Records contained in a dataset

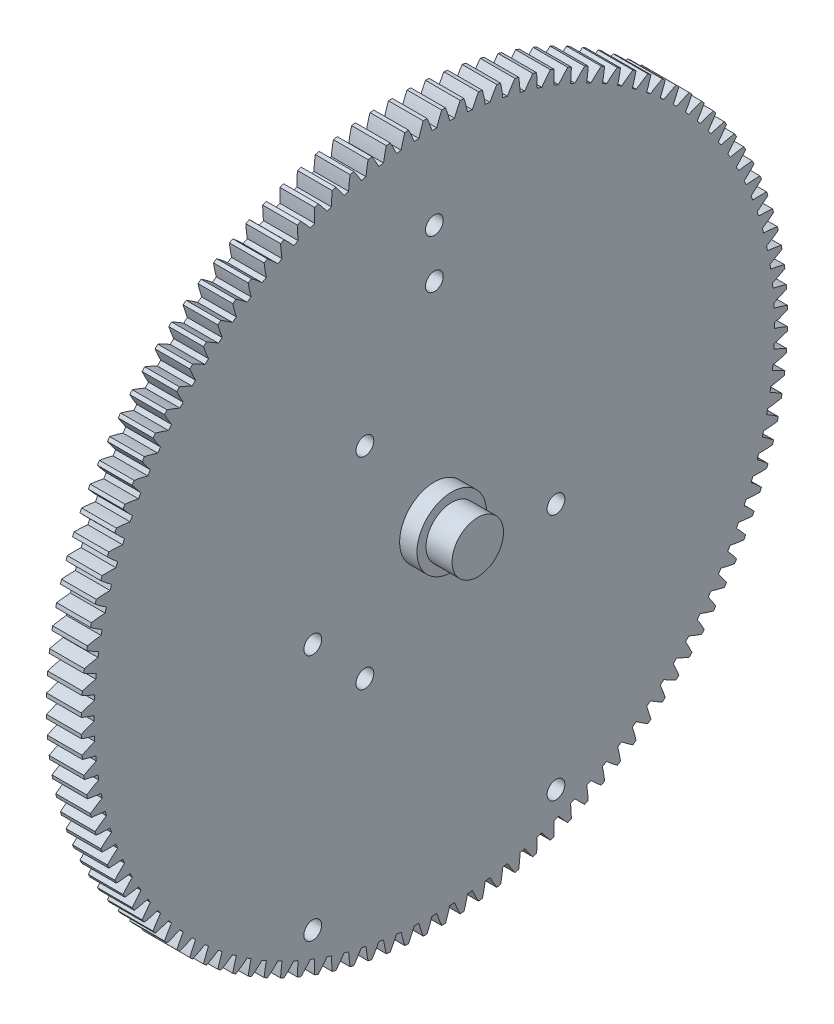
SolidWorks part; units mm, degrees
ref_plane "Plane1" through (0, 0, 0) normal (0, 0, 1) x (1, 0, 0)
ref_plane "Plane2" through (0, 0, 0) normal (0, 1, 0) x (1, 0, 0)
ref_plane "Plane3" through (0, 0, 0) normal (1, 0, 0) x (0, 0, -1)
other "Configuration Table"
sketch "HoldingSke" plane through (0, 0, 0) normal (0, 1, 0) x (1, 0, 0)
  line L0 (0, 0) -> (-152.4, -263.9645)
  line L1 (-15, 0) -> (100, 0) construction
  line L2 (0, 0) -> (-2.1039, 2.3779)
  line L3 (0, 0) -> (-11.863, 4.5341)
  line L4 (0, 0) -> (-4.318, 7.479)
  line L5 (0, 0) -> (-47.5972, -17.7524)
  line L6 (0, 0) -> (-10.5278, -7.1032)
  line L7 (-2.1039, 2.3779) -> (8.8308, 51.9871)
  line L8 (-76.2, 54.61) -> (-54.9402, 54.61)
  line L9 (-71.009, 38.7566) -> (-53.1078, 45.2721)
  line L10 (-76.2, 71.12) -> (104.1128, 71.12)
  line L11 (0, 0) -> (-12.7, 0)
  line L12 (-76.2, 101.6) -> (-76.1147, 101.6)
  line L13 (24.9733, 27.94) -> (52.9518, 28.4284)
  line L14 (24.9733, 27.94) -> (24.9746, 27.94)
  line L15 (24.9733, 27.94) -> (100.4006, 29.5858)
  circle A0 centre (0, 0) radius 9.525
  circle A1 centre (0, 0) radius 38.1
  circle A2 centre (0, 0) radius 38.1
  circle A3 centre (0, 0) radius 9.525
  dimension "MHD" = 76.2
  dimension "Hub_dia" = 76.2
  dimension "Bore" = 19.05
  dimension "MBD" = 19.05
  dimension "Num_teeth" = 120
  dimension "Pitch" = 304.8
  dimension "Overall_len" = 50.8
  dimension "Show_teeth" = 120
  dimension "Thickness" = 12.7
  dimension "OAL" = 50.8001
  dimension "T_dim" = 21.2598
  dimension "Ap" = 20
  dimension "H" = 19.05
  dimension "Pitch_radius" = 180.3128
  dimension "Width" = 12.7
  dimension "Backlash" = 0.0853
  dimension "Addendum_fac" = 1
  dimension "Dedendum_fac" = 1.25
  dimension "Clearance_fac" = 0.25
  dimension "Dedendum_add" = 0.0013
sketch "BasProSke" plane through (0, 0, 0) normal (0, 1, 0) x (1, 0, 0)
  line L0 (-10, 0) -> (60, 0) construction
  line L1 (0, 0) -> (0, 129.1167)
  line L2 (0, 0) -> (12.7, 0)
  line L3 (12.7, 0) -> (12.7, 129.1167)
  line L4 (12.7, 129.1167) -> (0, 129.1167)
  dimension "Thickness" = 12.7
  dimension "Diameter" = 258.2333
revolve "Base-Revolve" add sketch "BasProSke" angle 360 about L0
sketch "TooCutSke" plane through (0, 0, 0) normal (1, 0, 0) x (0, 0, -1)
  line L1 (0, 0) -> (0, 107) construction
  line L2 (0, 0) -> (-1.8117, 126.9871) construction
  line L3 (0, 0) -> (-6.6485, 253.8949) construction
  line L4 (-1.8117, 126.9871) -> (-3.3242, 126.9475) construction
  arc A0 (0.878, 124.3498) -> (-0.878, 124.3498) centre (0, 0) ccw
  arc A1 (2.6872, 129.1141) -> (-2.6872, 129.1141) centre (0, 0) ccw
  circle A2 centre (0, 0) radius 127 construction
  circle A3 centre (0, 0) radius 119.341 construction
  arc A4 (-0.878, 124.3498) -> (-2.6872, 129.1141) centre (-49.2141, 108.7209) ccw
  arc A5 (2.6872, 129.1141) -> (0.878, 124.3498) centre (49.2141, 108.7209) ccw
  dimension "Root_dia" = 248.7058
  dimension "Overcut_dia" = 258.2841
  dimension "Pitch_dia" = 254
  dimension "Base_dia" = 238.6819
  dimension "Flank_rad" = 50.8
  dimension "Half_ang" = 1.5
  dimension "Half_CT" = 1.513
extrude "ToothCut" cut sketch "TooCutSke" along normal through all
fillet "Breaks" [suppressed] radius 0.0423 tangent propagation no
fillet "RootFillets" [suppressed] radius 0.5304
pattern_circular "TeethCuts" count 120 every 3 about axis through (-10, 0, 0) along (1, 0, 0) of "ToothCut", "RootFillets", "Breaks"
sketch "HubNeaOneSke" plane through (0, 0, 0) normal (-1, 0, 0) x (0, 0, 1)
  circle A0 centre (0, 0) radius 38.1
  dimension "Diameter" = 76.2
extrude "HubNearOne" [suppressed] add sketch "HubNeaOneSke" along normal blind 38.1001
sketch "HubNeaBotSke" plane through (0, 0, 0) normal (-1, 0, 0) x (0, 0, 1)
  circle A0 centre (0, 0) radius 38.1
  dimension "Diameter" = 76.2
extrude "HubNearBoth" [suppressed] add sketch "HubNeaBotSke" along normal blind 19.05
ref_plane "FarPln" through (12.7, 0, 0) normal (1, 0, 0) x (0, 0, -1)
sketch "HubFarSke" plane through (12.7, 0, 0) normal (1, 0, 0) x (0, 0, -1)
  circle A0 centre (0, 0) radius 38.1
  dimension "Diameter" = 76.2
extrude "HubFar" [suppressed] add sketch "HubFarSke" along normal blind 19.05
sketch "BorSke" plane through (0, 0, 0) normal (1, 0, 0) x (0, 0, -1)
  circle A0 centre (0, 0) radius 9.525
  dimension "Diameter" = 19.05
extrude "Bore" [suppressed] cut sketch "BorSke" along normal mid plane 101.6001
sketch "KeySke" plane through (0, 0, 0) normal (1, 0, 0) x (0, 0, -1)
  line L0 (-2.3813, 0) -> (-2.3813, 11.7348)
  line L1 (-2.3813, 11.7348) -> (2.3813, 11.7348)
  line L2 (2.3813, 11.7348) -> (2.3813, 0)
  line L3 (0, 0) -> (0, 34) construction
  line L4 (-2.3813, 0) -> (2.3813, 0)
  dimension "Offset" = 11.7348
  dimension "Width" = 4.7625
extrude "Keyway" [suppressed] cut sketch "KeySke" along normal mid plane 101.6001
pattern_circular "Keyway2" [suppressed] count 2 every 90 about axis through (-10, 0, 0) along (1, 0, 0)
sketch "Sketch1" plane through (0, 0, 0) normal (-1, 0, 0) x (0, 0, 1)
  line L0 (0, 0) -> (46.9612, 0) construction
  line L1 (0, 0) -> (0, -76.4863) construction
  circle A2 centre (25.4, 36.83) radius 3.2512
  circle A3 centre (25.4, -36.83) radius 3.2512
  circle A4 centre (0, 93.98) radius 3.2512
  circle A5 centre (0, 76.2) radius 3.2512
  circle A6 centre (44.45, -16.51) radius 3.2512
  circle A7 centre (44.45, -106.934) radius 3.2512
  circle A8 centre (-44.45, -106.934) radius 3.2512
  circle A9 centre (-44.45, -16.51) radius 3.2512
  dimension "D1" = 6.5024
  dimension "D2" = 6.5024
  dimension "D6" = 6.5024
  dimension "D7" = 6.5024
  dimension "D10" = 6.5024
  dimension "D11" = 6.5024
  dimension "D3" = 17.78
  dimension "D4" = 73.66
  dimension "D5" = 25.4
  dimension "D8" = 76.2
  dimension "D9" = 73.66
  dimension "D12" = 90.424
  dimension "D13" = 44.45
  dimension "D14" = 16.51
extrude "Cut-Extrude1" cut sketch "Sketch1" against normal through all
sketch "Sketch2" plane through (12.7, 0, 0) normal (1, 0, 0) x (0, 0, -1)
  circle A0 centre (0, 0) radius 12.7
  dimension "D1" = 25.4
extrude "Boss-Extrude1" add sketch "Sketch2" along normal blind 6.35
sketch "Sketch3" plane through (19.05, 0, 0) normal (1, 0, 0) x (0, 0, -1)
  circle A0 centre (0, 0) radius 9.398
  dimension "D1" = 18.796
extrude "Boss-Extrude2" add sketch "Sketch3" along normal blind 9.525
equation "' \"Pitch@HoldingSke\" = 4"
equation "' \"Num_teeth@HoldingSke\" = 12"
equation "' \"Ap@HoldingSke\" =  20"
equation "' \"Ap@HoldingSke\" = 20"
equation "' \"Width@HoldingSke\" = 0.5"
equation "' \"Hub_dia@HoldingSke\"= 1"
equation "' \"Hub_dia@HoldingSke\" = 1"
equation "' \"Overall_len@HoldingSke\" = 1.0"
equation "' \"Bore@HoldingSke\" = 0.75"
equation "' \"T_dim@HoldingSke\" = 0.85"
equation "' \"Width@KeySke\" = 0.25"
equation "' \"Show_teeth@HoldingSke\" = 13"
equation "' \"Backlash@HoldingSke\" = 0.009"
equation "' \"Addendum_fac@HoldingSke\" = 1.0"
equation "' \"Dedendum_fac@HoldingSke\" = 1.25"
equation "' \"Dedendum_add@HoldingSke\" = 0.00005"
equation "' \"Clearance_fac@HoldingSke\" = 0.25"
equation "' \"Pitch@HoldingSke\" = 0.5"
equation "' \"Num_teeth@HoldingSke\" = 23"
equation "' \"Show_teeth@HoldingSke\" = 23"
equation "' \"Backlash@HoldingSke\" = 0.0375"
equation "\"Overcut_dia@TooCutSke\" = (\"Num_teeth@HoldingSke\" + 2 * \"Addendum_fac@HoldingSke\") / \"Pitch@HoldingSke\" + 0.002"
equation "\"Pitch_dia@TooCutSke\" = \"Num_teeth@HoldingSke\" / \"Pitch@HoldingSke\""
equation "\"Base_dia@TooCutSke\" = \"Num_teeth@HoldingSke\" / \"Pitch@HoldingSke\" * cos((\"Ap@HoldingSke\"  * 3.14159265 / 180))"
equation "\"Root_dia@TooCutSke\" = (\"Num_teeth@HoldingSke\" + 2) / \"Pitch@HoldingSke\" - 2 * (\"Addendum_fac@HoldingSke\" + \"Dedendum_fac@HoldingSke\") / \"Pitch@HoldingSke\" - \"Dedendum_add@HoldingSke\" * 2"
equation "\"Half_ang@TooCutSke\" = 180 / \"Num_teeth@HoldingSke\""
equation "\"Half_CT@TooCutSke\" = \"Num_teeth@HoldingSke\" / \"Pitch@HoldingSke\" * sin((3.14159265 / 2 / \"Num_teeth@HoldingSke\")) / 2 - 7 * \"Backlash@HoldingSke\" / 4"
equation "\"Flank_rad@TooCutSke\" = \"Num_teeth@HoldingSke\" / \"Pitch@HoldingSke\" / 5"
equation "\"Radius@RootFillets\" = \"Clearance_fac@HoldingSke\" / \"Pitch@HoldingSke\" + \"Dedendum_add@HoldingSke\""
equation "\"Break_rad@Breaks\" = 0.02 / \"Pitch@HoldingSke\""
equation "\"Thickness@HoldingSke\" = \"Width@HoldingSke\""
equation "\"OAL@HoldingSke\" = \"Thickness@HoldingSke\""
equation "\"MHD@HoldingSke\" = (\"Num_teeth@HoldingSke\" + 2) / \"Pitch@HoldingSke\" - 2 * (\"Addendum_fac@HoldingSke\" + \"Dedendum_fac@HoldingSke\")  / \"Pitch@HoldingSke\" - \"Dedendum_add@HoldingSke\" * 2"
equation "\"MBD@HoldingSke\" = (\"Num_teeth@HoldingSke\" + 2) / \"Pitch@HoldingSke\" - 2 * (\"Addendum_fac@HoldingSke\" + \"Dedendum_fac@HoldingSke\")  / \"Pitch@HoldingSke\" - \"Dedendum_add@HoldingSke\" * 2 - 0.002"
equation "\"MHD@HoldingSke\" = ((sgn( \"MHD@HoldingSke\" - \"Hub_dia@HoldingSke\" )-1)*( \"MHD@HoldingSke\" - \"Hub_dia@HoldingSke\" ))/-2+ \"Hub_dia@HoldingSke\""
equation "\"MBD@HoldingSke\" = ((sgn( \"MBD@HoldingSke\" - \"Bore@HoldingSke\" )-1)*( \"MBD@HoldingSke\" - \"Bore@HoldingSke\" ))/-2+ \"Bore@HoldingSke\""
equation "\"OAL@HoldingSke\" = ((sgn( \"OAL@HoldingSke\" - \"Overall_len@HoldingSke\" )+1)*( \"OAL@HoldingSke\" - \"Overall_len@HoldingSke\" ))/2 + \"Overall_len@HoldingSke\" + 0.000002"
equation "\"Num_teeth@TeethCuts\" = int( \"Show_teeth@HoldingSke\" ) + 1"
equation "\"Num_teeth@TeethCuts\" = ((sgn( \"Num_teeth@TeethCuts\" - \"Num_teeth@HoldingSke\" )-1)*( \"Num_teeth@TeethCuts\" - \"Num_teeth@HoldingSke\" ))/-2+ \"Num_teeth@HoldingSke\""
equation "\"Num_teeth@TeethCuts\" = ((sgn( \"Num_teeth@TeethCuts\" - 2.0)+1)*( \"Num_teeth@TeethCuts\" - 2.0))/2 +2.0"
equation "\"Angle@TeethCuts\" = 360.0 / \"Num_teeth@HoldingSke\""
equation "\"Diameter@BasProSke\" = (\"Num_teeth@HoldingSke\" + 2 * \"Addendum_fac@HoldingSke\") / \"Pitch@HoldingSke\""
equation "\"Thickness@BasProSke\"  = \"Thickness@HoldingSke\""
equation "' \"Fillet_rad@BasProSke\" =  \"Thickness@HoldingSke\" * 0.05"
equation "' \"Fillet_rad@BasProSke\" = \"Thickness@HoldingSke\" * 0.05"
equation "\"MHD@HoldingSke\" = ((sgn( \"MHD@HoldingSke\" - \"Root_dia@TooCutSke\" )-1)*( \"MHD@HoldingSke\" - \"Root_dia@TooCutSke\" ))/-2+ \"Root_dia@TooCutSke\""
equation "\"Diameter@HubNeaOneSke\" = \"MHD@HoldingSke\""
equation "\"Length@HubNearOne\" = \"OAL@HoldingSke\" - \"Thickness@BasProSke\""
equation "\"Diameter@HubNeaBotSke\" = \"MHD@HoldingSke\""
equation "\"Length@HubNearBoth\" = ( \"OAL@HoldingSke\" - \"Thickness@BasProSke\" ) / 2.0"
equation "\"Thickness@FarPln\" = \"Thickness@BasProSke\""
equation "\"Diameter@HubFarSke\" = \"MHD@HoldingSke\""
equation "\"Length@HubFar\" = ( \"OAL@HoldingSke\" - \"Thickness@BasProSke\" ) / 2.0"
equation "\"Diameter@BorSke\" = \"MBD@HoldingSke\""
equation "\"D1@Bore\" = \"OAL@HoldingSke\" * 2.0"
equation "\"D1@Keyway\" = \"OAL@HoldingSke\" * 2.0"
equation "\"Offset@KeySke\" = \"T_dim@HoldingSke\" - \"MBD@HoldingSke\" / 2.0"

### REQUIRED WORK
Repeat word for word the lines above that run from the line containing "line L3 (12.7, 0) -> (12.7, 129.1167)" through the line containing "line L4 (-1.8117, 126.9871)", both ends included, and nothing else.

### RESPONSE TO THIS EXERCISE
  line L3 (12.7, 0) -> (12.7, 129.1167)
  line L4 (12.7, 129.1167) -> (0, 129.1167)
  dimension "Thickness" = 12.7
  dimension "Diameter" = 258.2333
revolve "Base-Revolve" add sketch "BasProSke" angle 360 about L0
sketch "TooCutSke" plane through (0, 0, 0) normal (1, 0, 0) x (0, 0, -1)
  line L1 (0, 0) -> (0, 107) construction
  line L2 (0, 0) -> (-1.8117, 126.9871) construction
  line L3 (0, 0) -> (-6.6485, 253.8949) construction
  line L4 (-1.8117, 126.9871) -> (-3.3242, 126.9475) construction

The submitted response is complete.